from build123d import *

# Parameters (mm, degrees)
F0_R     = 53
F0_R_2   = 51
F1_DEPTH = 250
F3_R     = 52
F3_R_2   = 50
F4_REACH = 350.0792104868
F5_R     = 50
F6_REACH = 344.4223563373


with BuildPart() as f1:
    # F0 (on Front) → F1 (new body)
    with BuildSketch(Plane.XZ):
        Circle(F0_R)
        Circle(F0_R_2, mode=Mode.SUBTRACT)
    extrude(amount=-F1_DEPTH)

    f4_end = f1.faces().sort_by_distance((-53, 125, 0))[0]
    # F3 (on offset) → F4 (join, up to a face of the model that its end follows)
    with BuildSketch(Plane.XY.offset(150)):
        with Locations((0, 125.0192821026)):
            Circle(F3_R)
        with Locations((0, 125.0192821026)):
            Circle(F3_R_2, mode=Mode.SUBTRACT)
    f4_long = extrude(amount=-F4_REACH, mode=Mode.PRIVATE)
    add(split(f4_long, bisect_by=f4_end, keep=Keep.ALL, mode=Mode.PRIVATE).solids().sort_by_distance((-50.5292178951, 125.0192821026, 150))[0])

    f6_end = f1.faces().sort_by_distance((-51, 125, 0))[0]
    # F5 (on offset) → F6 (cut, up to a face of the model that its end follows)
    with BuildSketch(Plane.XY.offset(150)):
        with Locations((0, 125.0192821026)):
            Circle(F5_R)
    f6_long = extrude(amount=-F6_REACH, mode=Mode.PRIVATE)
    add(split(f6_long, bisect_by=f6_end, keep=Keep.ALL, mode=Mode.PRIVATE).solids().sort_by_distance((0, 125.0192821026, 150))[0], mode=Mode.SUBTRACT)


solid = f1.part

* * * * *

**Exercise details:** Every line of the listing above is to be repeated exactly as written.

**Your solution:**
from build123d import *

# Parameters (mm, degrees)
F0_R     = 53
F0_R_2   = 51
F1_DEPTH = 250
F3_R     = 52
F3_R_2   = 50
F4_REACH = 350.0792104868
F5_R     = 50
F6_REACH = 344.4223563373


with BuildPart() as f1:
    # F0 (on Front) → F1 (new body)
    with BuildSketch(Plane.XZ):
        Circle(F0_R)
        Circle(F0_R_2, mode=Mode.SUBTRACT)
    extrude(amount=-F1_DEPTH)

    f4_end = f1.faces().sort_by_distance((-53, 125, 0))[0]
    # F3 (on offset) → F4 (join, up to a face of the model that its end follows)
    with BuildSketch(Plane.XY.offset(150)):
        with Locations((0, 125.0192821026)):
            Circle(F3_R)
        with Locations((0, 125.0192821026)):
            Circle(F3_R_2, mode=Mode.SUBTRACT)
    f4_long = extrude(amount=-F4_REACH, mode=Mode.PRIVATE)
    add(split(f4_long, bisect_by=f4_end, keep=Keep.ALL, mode=Mode.PRIVATE).solids().sort_by_distance((-50.5292178951, 125.0192821026, 150))[0])

    f6_end = f1.faces().sort_by_distance((-51, 125, 0))[0]
    # F5 (on offset) → F6 (cut, up to a face of the model that its end follows)
    with BuildSketch(Plane.XY.offset(150)):
        with Locations((0, 125.0192821026)):
            Circle(F5_R)
    f6_long = extrude(amount=-F6_REACH, mode=Mode.PRIVATE)
    add(split(f6_long, bisect_by=f6_end, keep=Keep.ALL, mode=Mode.PRIVATE).solids().sort_by_distance((0, 125.0192821026, 150))[0], mode=Mode.SUBTRACT)


solid = f1.part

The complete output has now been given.